(Exercise instructions) Every line below between the line holding "#58=DIRECTION('',(-1.,0.,0.));" and the line holding "#101=LINE('',#100,#99);", inclusive, should be repeated exactly, and all other lines omitted.

(Information given)
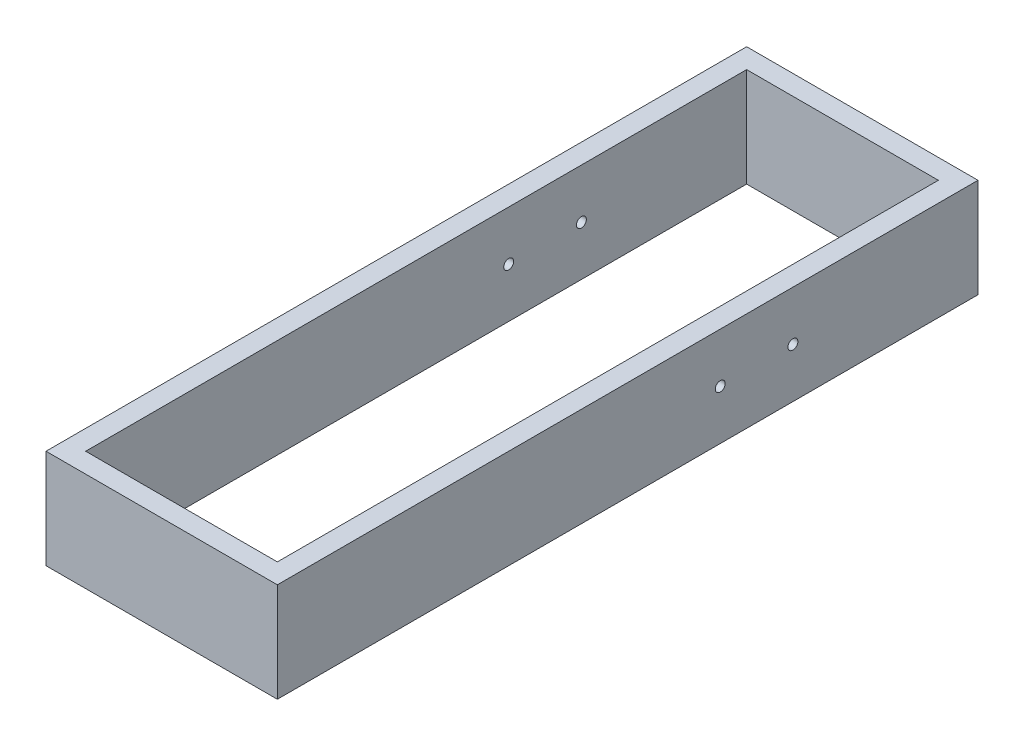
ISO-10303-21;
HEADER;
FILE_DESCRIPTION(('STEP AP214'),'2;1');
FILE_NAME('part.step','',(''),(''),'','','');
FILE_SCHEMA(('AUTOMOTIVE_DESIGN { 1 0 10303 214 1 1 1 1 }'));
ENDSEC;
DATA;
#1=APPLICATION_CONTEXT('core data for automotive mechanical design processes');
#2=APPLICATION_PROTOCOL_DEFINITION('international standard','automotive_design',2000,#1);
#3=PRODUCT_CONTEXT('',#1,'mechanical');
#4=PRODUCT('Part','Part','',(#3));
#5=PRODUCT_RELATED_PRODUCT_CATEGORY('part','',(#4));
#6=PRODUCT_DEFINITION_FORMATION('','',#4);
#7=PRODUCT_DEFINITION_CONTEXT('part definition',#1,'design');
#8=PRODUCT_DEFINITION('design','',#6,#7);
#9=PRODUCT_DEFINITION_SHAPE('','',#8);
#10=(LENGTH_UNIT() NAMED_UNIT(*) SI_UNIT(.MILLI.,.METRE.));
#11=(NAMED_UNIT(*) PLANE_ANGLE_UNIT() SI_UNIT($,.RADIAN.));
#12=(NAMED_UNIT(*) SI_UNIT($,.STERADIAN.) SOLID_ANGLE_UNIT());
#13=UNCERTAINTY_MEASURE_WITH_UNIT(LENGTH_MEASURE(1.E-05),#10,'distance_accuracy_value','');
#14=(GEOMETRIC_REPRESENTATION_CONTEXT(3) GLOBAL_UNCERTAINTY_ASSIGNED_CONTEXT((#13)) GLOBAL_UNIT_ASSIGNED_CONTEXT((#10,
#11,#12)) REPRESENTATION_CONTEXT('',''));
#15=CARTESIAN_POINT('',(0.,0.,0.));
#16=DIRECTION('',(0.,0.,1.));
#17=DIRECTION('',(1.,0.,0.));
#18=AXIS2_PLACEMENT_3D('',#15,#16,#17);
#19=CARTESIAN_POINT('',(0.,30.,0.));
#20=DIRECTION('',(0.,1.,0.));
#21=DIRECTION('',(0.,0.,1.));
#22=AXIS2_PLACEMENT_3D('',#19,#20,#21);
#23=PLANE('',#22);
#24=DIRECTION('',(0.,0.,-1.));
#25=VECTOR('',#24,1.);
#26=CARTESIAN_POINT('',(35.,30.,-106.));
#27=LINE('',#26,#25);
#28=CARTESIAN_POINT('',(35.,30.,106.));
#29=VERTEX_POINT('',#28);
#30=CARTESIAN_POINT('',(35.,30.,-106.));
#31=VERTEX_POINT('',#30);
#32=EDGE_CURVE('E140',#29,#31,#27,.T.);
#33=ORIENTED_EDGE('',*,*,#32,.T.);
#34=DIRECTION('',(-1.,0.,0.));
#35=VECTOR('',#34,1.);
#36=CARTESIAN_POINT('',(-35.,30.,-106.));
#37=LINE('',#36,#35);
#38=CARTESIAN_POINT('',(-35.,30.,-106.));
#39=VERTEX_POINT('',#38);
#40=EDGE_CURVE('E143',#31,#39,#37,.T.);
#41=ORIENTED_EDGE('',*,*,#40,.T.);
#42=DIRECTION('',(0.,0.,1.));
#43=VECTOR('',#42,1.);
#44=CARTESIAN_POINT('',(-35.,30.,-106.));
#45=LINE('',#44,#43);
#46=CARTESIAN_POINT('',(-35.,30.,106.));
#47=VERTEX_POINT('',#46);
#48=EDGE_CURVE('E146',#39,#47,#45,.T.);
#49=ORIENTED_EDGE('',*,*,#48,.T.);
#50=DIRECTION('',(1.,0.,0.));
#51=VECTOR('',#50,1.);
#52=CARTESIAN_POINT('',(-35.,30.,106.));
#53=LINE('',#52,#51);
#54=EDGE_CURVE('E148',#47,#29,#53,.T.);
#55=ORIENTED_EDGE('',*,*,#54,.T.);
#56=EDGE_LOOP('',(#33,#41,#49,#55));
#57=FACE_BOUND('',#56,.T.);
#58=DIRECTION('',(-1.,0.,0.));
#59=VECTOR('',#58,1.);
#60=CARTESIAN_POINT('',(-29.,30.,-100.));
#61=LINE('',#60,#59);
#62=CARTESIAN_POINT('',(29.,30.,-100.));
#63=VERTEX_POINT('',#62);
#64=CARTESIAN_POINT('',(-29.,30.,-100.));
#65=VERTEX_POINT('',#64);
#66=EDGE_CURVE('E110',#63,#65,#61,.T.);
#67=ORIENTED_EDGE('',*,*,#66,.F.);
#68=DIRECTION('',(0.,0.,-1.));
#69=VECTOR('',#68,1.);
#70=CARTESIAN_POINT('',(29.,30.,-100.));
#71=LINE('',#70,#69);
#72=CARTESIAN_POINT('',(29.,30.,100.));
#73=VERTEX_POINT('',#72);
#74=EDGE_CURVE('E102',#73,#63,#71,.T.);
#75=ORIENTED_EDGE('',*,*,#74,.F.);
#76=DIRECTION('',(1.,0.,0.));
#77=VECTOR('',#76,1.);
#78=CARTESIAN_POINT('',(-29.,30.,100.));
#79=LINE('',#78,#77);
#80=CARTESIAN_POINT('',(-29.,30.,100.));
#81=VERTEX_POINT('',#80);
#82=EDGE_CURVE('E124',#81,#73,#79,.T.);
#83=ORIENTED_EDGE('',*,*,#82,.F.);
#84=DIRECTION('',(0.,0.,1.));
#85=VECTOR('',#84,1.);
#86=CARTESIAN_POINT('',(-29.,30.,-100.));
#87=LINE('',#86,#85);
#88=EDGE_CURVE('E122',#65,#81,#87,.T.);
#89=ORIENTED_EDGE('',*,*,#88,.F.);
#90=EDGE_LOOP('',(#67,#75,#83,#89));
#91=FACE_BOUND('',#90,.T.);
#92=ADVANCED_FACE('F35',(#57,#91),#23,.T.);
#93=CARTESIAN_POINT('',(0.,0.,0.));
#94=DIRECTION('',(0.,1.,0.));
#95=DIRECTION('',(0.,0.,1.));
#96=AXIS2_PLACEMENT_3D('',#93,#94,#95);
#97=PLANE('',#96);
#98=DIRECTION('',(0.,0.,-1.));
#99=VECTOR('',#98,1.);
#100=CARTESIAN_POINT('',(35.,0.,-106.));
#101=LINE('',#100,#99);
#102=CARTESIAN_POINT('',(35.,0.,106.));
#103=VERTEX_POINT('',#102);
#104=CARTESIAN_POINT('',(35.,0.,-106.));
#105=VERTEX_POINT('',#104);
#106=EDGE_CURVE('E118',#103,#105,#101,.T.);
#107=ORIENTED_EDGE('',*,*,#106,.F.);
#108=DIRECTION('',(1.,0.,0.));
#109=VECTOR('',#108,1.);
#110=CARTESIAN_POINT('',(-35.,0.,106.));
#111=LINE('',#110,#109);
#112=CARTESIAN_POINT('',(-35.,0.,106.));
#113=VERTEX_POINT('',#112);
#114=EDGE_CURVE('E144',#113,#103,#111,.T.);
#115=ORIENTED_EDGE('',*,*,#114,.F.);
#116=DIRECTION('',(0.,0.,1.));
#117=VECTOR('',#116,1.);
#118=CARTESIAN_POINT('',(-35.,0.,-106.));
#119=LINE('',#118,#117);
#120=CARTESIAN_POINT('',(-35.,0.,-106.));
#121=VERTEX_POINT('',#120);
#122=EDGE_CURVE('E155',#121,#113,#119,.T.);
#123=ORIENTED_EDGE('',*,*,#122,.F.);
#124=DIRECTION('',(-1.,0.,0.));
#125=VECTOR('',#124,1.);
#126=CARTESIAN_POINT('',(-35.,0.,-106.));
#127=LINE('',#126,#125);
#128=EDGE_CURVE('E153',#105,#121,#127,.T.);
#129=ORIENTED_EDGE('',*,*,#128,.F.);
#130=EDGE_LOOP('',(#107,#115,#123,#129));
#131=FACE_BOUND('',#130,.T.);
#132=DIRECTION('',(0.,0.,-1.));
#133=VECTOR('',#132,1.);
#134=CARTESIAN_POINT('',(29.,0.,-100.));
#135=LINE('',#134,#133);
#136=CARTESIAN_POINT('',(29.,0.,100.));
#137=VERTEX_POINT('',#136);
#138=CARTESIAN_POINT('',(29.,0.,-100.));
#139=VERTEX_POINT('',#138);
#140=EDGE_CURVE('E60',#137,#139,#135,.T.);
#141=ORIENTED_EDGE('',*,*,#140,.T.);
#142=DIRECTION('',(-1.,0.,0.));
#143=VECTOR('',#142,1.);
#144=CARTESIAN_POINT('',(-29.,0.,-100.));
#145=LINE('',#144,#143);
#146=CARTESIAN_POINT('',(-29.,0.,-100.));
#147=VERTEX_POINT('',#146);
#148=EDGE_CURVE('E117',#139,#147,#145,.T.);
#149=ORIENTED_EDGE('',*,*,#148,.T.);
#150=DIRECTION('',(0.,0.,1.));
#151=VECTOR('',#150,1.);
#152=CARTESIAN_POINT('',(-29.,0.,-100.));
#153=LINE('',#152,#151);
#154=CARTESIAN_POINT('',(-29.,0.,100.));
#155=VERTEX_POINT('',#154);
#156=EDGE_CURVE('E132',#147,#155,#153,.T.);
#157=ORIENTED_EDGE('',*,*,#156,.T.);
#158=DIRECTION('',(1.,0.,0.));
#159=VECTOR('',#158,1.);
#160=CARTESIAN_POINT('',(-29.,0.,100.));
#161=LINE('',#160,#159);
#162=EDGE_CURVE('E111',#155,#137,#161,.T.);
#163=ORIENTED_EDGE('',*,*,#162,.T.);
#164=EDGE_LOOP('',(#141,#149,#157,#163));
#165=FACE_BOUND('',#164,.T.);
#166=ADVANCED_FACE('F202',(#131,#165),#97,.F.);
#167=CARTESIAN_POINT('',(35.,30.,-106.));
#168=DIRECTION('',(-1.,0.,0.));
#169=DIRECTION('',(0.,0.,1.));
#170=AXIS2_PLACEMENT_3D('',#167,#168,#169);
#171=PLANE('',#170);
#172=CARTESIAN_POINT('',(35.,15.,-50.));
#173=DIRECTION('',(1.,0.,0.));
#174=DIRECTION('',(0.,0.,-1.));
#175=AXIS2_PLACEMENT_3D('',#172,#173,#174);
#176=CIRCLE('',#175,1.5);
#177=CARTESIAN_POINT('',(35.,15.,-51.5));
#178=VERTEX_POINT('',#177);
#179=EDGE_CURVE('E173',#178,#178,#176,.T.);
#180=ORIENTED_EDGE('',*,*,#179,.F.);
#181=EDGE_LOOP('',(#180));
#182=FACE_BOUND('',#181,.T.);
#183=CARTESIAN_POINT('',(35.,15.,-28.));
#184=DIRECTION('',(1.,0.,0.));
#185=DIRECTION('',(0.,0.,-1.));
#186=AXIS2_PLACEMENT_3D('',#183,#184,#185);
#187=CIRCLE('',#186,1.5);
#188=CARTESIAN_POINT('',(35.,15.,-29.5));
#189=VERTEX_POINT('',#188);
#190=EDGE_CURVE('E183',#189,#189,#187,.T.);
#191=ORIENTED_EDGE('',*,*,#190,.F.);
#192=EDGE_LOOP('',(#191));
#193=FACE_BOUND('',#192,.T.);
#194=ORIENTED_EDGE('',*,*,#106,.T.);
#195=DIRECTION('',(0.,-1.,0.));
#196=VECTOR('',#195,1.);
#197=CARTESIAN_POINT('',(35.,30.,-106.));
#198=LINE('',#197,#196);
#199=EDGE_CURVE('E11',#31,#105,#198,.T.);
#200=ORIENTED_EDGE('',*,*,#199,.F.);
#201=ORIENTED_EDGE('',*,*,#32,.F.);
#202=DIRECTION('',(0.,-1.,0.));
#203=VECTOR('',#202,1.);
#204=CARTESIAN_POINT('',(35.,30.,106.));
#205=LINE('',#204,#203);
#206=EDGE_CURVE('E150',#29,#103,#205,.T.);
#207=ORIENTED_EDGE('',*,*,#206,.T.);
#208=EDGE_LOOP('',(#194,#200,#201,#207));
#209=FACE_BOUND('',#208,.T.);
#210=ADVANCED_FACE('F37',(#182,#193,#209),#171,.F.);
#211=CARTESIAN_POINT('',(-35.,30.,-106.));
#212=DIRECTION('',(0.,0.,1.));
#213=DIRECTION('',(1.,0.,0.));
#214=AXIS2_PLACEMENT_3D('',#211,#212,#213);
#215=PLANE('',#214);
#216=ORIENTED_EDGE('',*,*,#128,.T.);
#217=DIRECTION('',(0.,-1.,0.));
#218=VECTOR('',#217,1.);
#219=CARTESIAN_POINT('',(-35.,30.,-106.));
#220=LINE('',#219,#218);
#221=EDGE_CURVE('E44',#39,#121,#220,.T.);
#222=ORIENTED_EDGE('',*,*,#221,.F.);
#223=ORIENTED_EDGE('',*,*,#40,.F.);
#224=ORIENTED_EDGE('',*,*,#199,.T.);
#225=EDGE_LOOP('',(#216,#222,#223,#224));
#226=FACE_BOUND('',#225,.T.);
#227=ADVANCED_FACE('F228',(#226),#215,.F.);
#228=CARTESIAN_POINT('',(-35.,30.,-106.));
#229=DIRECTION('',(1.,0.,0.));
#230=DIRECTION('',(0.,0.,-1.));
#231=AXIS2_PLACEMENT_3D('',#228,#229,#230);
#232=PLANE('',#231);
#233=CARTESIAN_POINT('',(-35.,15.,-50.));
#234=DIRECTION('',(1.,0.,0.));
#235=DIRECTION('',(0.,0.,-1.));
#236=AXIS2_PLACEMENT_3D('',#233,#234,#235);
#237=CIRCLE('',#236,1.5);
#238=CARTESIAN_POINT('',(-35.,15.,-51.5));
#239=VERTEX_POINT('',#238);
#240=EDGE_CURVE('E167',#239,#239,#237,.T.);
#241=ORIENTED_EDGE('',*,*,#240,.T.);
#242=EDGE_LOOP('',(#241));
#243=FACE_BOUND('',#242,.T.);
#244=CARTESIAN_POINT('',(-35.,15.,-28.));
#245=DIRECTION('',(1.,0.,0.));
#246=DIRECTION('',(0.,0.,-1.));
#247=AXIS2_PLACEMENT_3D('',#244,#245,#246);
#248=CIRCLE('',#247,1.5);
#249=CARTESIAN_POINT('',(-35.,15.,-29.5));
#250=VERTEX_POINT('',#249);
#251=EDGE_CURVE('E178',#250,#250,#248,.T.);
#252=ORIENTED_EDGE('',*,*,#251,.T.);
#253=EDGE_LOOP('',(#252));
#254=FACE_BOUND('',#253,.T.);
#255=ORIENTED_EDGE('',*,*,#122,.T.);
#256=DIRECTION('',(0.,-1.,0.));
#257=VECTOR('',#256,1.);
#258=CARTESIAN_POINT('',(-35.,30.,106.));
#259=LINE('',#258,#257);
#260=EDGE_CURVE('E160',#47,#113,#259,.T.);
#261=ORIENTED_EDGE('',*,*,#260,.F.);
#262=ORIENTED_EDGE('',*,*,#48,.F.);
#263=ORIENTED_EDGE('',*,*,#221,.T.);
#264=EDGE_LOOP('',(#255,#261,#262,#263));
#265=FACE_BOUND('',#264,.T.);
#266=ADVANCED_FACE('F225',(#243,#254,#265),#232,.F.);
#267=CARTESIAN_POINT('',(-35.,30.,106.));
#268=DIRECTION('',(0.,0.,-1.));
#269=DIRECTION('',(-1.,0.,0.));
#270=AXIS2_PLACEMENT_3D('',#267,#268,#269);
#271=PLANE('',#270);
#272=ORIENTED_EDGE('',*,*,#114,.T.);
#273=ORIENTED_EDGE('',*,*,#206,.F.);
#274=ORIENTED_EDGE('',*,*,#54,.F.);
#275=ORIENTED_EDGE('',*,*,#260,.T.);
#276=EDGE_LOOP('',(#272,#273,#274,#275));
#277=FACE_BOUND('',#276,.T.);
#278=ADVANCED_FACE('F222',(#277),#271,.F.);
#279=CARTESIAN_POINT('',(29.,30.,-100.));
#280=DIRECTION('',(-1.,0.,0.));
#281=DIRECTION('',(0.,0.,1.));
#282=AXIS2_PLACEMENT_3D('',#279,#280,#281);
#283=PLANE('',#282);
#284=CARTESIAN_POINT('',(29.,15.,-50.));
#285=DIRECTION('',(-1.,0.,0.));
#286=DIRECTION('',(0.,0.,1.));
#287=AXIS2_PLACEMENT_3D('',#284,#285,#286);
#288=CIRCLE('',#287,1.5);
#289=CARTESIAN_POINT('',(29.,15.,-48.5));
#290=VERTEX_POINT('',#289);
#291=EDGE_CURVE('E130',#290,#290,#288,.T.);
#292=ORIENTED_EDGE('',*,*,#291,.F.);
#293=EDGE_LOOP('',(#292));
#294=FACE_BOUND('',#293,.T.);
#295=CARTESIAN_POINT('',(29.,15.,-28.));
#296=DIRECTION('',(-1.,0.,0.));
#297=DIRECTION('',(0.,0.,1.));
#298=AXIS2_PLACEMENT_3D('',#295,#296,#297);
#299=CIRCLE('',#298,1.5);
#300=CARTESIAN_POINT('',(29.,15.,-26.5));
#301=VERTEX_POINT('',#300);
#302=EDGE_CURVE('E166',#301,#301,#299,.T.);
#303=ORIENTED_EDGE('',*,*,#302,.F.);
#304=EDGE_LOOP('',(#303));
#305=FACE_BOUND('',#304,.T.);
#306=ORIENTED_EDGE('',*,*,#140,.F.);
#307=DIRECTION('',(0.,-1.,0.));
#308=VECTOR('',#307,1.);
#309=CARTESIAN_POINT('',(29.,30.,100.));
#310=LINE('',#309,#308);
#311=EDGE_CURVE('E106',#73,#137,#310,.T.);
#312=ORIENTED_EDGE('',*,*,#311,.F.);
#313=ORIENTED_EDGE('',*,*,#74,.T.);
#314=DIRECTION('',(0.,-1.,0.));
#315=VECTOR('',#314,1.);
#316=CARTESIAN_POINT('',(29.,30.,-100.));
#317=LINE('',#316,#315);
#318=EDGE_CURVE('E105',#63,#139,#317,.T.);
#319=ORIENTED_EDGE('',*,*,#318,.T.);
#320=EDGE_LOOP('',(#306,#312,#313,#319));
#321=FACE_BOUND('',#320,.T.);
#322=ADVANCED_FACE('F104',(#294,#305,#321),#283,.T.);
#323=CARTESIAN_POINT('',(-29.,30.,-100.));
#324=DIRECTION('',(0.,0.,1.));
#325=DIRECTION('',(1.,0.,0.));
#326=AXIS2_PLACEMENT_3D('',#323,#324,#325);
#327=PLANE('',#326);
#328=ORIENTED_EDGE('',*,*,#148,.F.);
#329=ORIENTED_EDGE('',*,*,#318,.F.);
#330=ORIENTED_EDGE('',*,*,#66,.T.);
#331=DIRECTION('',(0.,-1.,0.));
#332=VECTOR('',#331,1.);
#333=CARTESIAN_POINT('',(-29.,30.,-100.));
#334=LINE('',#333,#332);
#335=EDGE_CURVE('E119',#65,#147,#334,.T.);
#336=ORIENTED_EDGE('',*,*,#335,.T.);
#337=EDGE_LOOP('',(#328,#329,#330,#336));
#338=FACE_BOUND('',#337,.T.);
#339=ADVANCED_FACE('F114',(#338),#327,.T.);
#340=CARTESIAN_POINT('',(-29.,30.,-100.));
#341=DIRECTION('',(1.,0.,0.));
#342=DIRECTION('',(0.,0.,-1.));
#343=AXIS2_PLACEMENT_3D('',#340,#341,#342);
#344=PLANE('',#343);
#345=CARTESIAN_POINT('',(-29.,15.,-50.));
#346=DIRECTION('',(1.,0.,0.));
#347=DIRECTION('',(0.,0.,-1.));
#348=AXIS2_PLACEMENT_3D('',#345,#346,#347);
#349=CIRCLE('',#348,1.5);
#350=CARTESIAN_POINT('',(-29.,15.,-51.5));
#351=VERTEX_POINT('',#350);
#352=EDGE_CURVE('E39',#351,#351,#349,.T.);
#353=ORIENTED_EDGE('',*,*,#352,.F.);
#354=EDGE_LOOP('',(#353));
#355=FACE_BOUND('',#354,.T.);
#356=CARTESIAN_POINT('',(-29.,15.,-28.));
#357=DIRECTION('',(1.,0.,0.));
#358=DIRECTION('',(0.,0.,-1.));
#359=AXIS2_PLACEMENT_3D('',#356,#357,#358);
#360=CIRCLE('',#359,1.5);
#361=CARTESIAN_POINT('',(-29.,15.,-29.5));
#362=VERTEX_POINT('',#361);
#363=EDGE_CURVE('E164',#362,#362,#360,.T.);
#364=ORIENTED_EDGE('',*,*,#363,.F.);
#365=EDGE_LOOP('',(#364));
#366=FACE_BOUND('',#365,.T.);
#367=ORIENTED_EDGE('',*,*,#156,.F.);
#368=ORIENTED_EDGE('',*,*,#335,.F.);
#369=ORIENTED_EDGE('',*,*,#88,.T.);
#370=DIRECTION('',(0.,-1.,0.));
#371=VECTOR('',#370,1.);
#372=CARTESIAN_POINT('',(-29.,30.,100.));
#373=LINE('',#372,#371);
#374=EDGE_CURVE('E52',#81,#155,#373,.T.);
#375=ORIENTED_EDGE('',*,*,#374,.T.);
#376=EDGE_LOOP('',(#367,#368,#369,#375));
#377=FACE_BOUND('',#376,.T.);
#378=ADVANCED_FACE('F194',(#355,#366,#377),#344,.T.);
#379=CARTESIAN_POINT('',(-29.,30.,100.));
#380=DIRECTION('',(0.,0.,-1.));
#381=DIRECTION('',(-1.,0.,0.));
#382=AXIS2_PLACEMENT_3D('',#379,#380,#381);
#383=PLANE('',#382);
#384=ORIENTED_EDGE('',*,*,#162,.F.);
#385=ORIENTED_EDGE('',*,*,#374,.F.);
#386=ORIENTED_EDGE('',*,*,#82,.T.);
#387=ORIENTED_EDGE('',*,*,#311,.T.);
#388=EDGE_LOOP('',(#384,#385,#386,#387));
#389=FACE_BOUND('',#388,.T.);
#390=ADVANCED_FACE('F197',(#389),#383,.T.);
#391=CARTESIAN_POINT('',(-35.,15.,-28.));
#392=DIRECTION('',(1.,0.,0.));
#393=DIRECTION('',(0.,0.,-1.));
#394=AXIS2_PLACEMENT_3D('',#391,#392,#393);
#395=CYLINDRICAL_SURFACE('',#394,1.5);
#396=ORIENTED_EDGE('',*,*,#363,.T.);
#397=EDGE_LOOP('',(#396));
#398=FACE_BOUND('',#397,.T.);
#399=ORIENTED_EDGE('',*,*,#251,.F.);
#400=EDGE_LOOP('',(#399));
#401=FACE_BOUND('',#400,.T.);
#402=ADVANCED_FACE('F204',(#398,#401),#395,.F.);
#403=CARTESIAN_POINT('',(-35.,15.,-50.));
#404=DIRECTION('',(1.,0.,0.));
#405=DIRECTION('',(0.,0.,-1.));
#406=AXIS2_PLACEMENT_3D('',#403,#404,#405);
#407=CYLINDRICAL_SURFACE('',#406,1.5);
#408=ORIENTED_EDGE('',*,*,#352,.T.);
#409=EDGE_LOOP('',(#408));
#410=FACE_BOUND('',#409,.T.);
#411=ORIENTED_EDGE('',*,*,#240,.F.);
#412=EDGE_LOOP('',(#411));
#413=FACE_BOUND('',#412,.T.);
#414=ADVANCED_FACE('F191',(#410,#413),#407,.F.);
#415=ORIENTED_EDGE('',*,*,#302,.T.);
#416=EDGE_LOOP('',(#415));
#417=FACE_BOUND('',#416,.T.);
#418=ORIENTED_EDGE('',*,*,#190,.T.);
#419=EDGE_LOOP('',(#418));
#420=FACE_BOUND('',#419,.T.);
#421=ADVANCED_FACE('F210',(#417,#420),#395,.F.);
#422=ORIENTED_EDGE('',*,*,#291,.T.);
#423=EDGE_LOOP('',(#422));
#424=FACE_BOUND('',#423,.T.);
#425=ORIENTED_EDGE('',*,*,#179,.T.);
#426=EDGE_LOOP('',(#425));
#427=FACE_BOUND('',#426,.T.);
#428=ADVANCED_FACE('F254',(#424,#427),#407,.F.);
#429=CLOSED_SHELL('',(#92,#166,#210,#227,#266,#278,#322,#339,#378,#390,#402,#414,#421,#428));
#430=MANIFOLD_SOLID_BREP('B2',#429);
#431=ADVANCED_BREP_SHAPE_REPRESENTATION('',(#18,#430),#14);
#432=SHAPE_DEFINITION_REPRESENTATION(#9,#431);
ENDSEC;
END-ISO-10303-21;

(Result below)
#58=DIRECTION('',(-1.,0.,0.));
#59=VECTOR('',#58,1.);
#60=CARTESIAN_POINT('',(-29.,30.,-100.));
#61=LINE('',#60,#59);
#62=CARTESIAN_POINT('',(29.,30.,-100.));
#63=VERTEX_POINT('',#62);
#64=CARTESIAN_POINT('',(-29.,30.,-100.));
#65=VERTEX_POINT('',#64);
#66=EDGE_CURVE('E110',#63,#65,#61,.T.);
#67=ORIENTED_EDGE('',*,*,#66,.F.);
#68=DIRECTION('',(0.,0.,-1.));
#69=VECTOR('',#68,1.);
#70=CARTESIAN_POINT('',(29.,30.,-100.));
#71=LINE('',#70,#69);
#72=CARTESIAN_POINT('',(29.,30.,100.));
#73=VERTEX_POINT('',#72);
#74=EDGE_CURVE('E102',#73,#63,#71,.T.);
#75=ORIENTED_EDGE('',*,*,#74,.F.);
#76=DIRECTION('',(1.,0.,0.));
#77=VECTOR('',#76,1.);
#78=CARTESIAN_POINT('',(-29.,30.,100.));
#79=LINE('',#78,#77);
#80=CARTESIAN_POINT('',(-29.,30.,100.));
#81=VERTEX_POINT('',#80);
#82=EDGE_CURVE('E124',#81,#73,#79,.T.);
#83=ORIENTED_EDGE('',*,*,#82,.F.);
#84=DIRECTION('',(0.,0.,1.));
#85=VECTOR('',#84,1.);
#86=CARTESIAN_POINT('',(-29.,30.,-100.));
#87=LINE('',#86,#85);
#88=EDGE_CURVE('E122',#65,#81,#87,.T.);
#89=ORIENTED_EDGE('',*,*,#88,.F.);
#90=EDGE_LOOP('',(#67,#75,#83,#89));
#91=FACE_BOUND('',#90,.T.);
#92=ADVANCED_FACE('F35',(#57,#91),#23,.T.);
#93=CARTESIAN_POINT('',(0.,0.,0.));
#94=DIRECTION('',(0.,1.,0.));
#95=DIRECTION('',(0.,0.,1.));
#96=AXIS2_PLACEMENT_3D('',#93,#94,#95);
#97=PLANE('',#96);
#98=DIRECTION('',(0.,0.,-1.));
#99=VECTOR('',#98,1.);
#100=CARTESIAN_POINT('',(35.,0.,-106.));
#101=LINE('',#100,#99);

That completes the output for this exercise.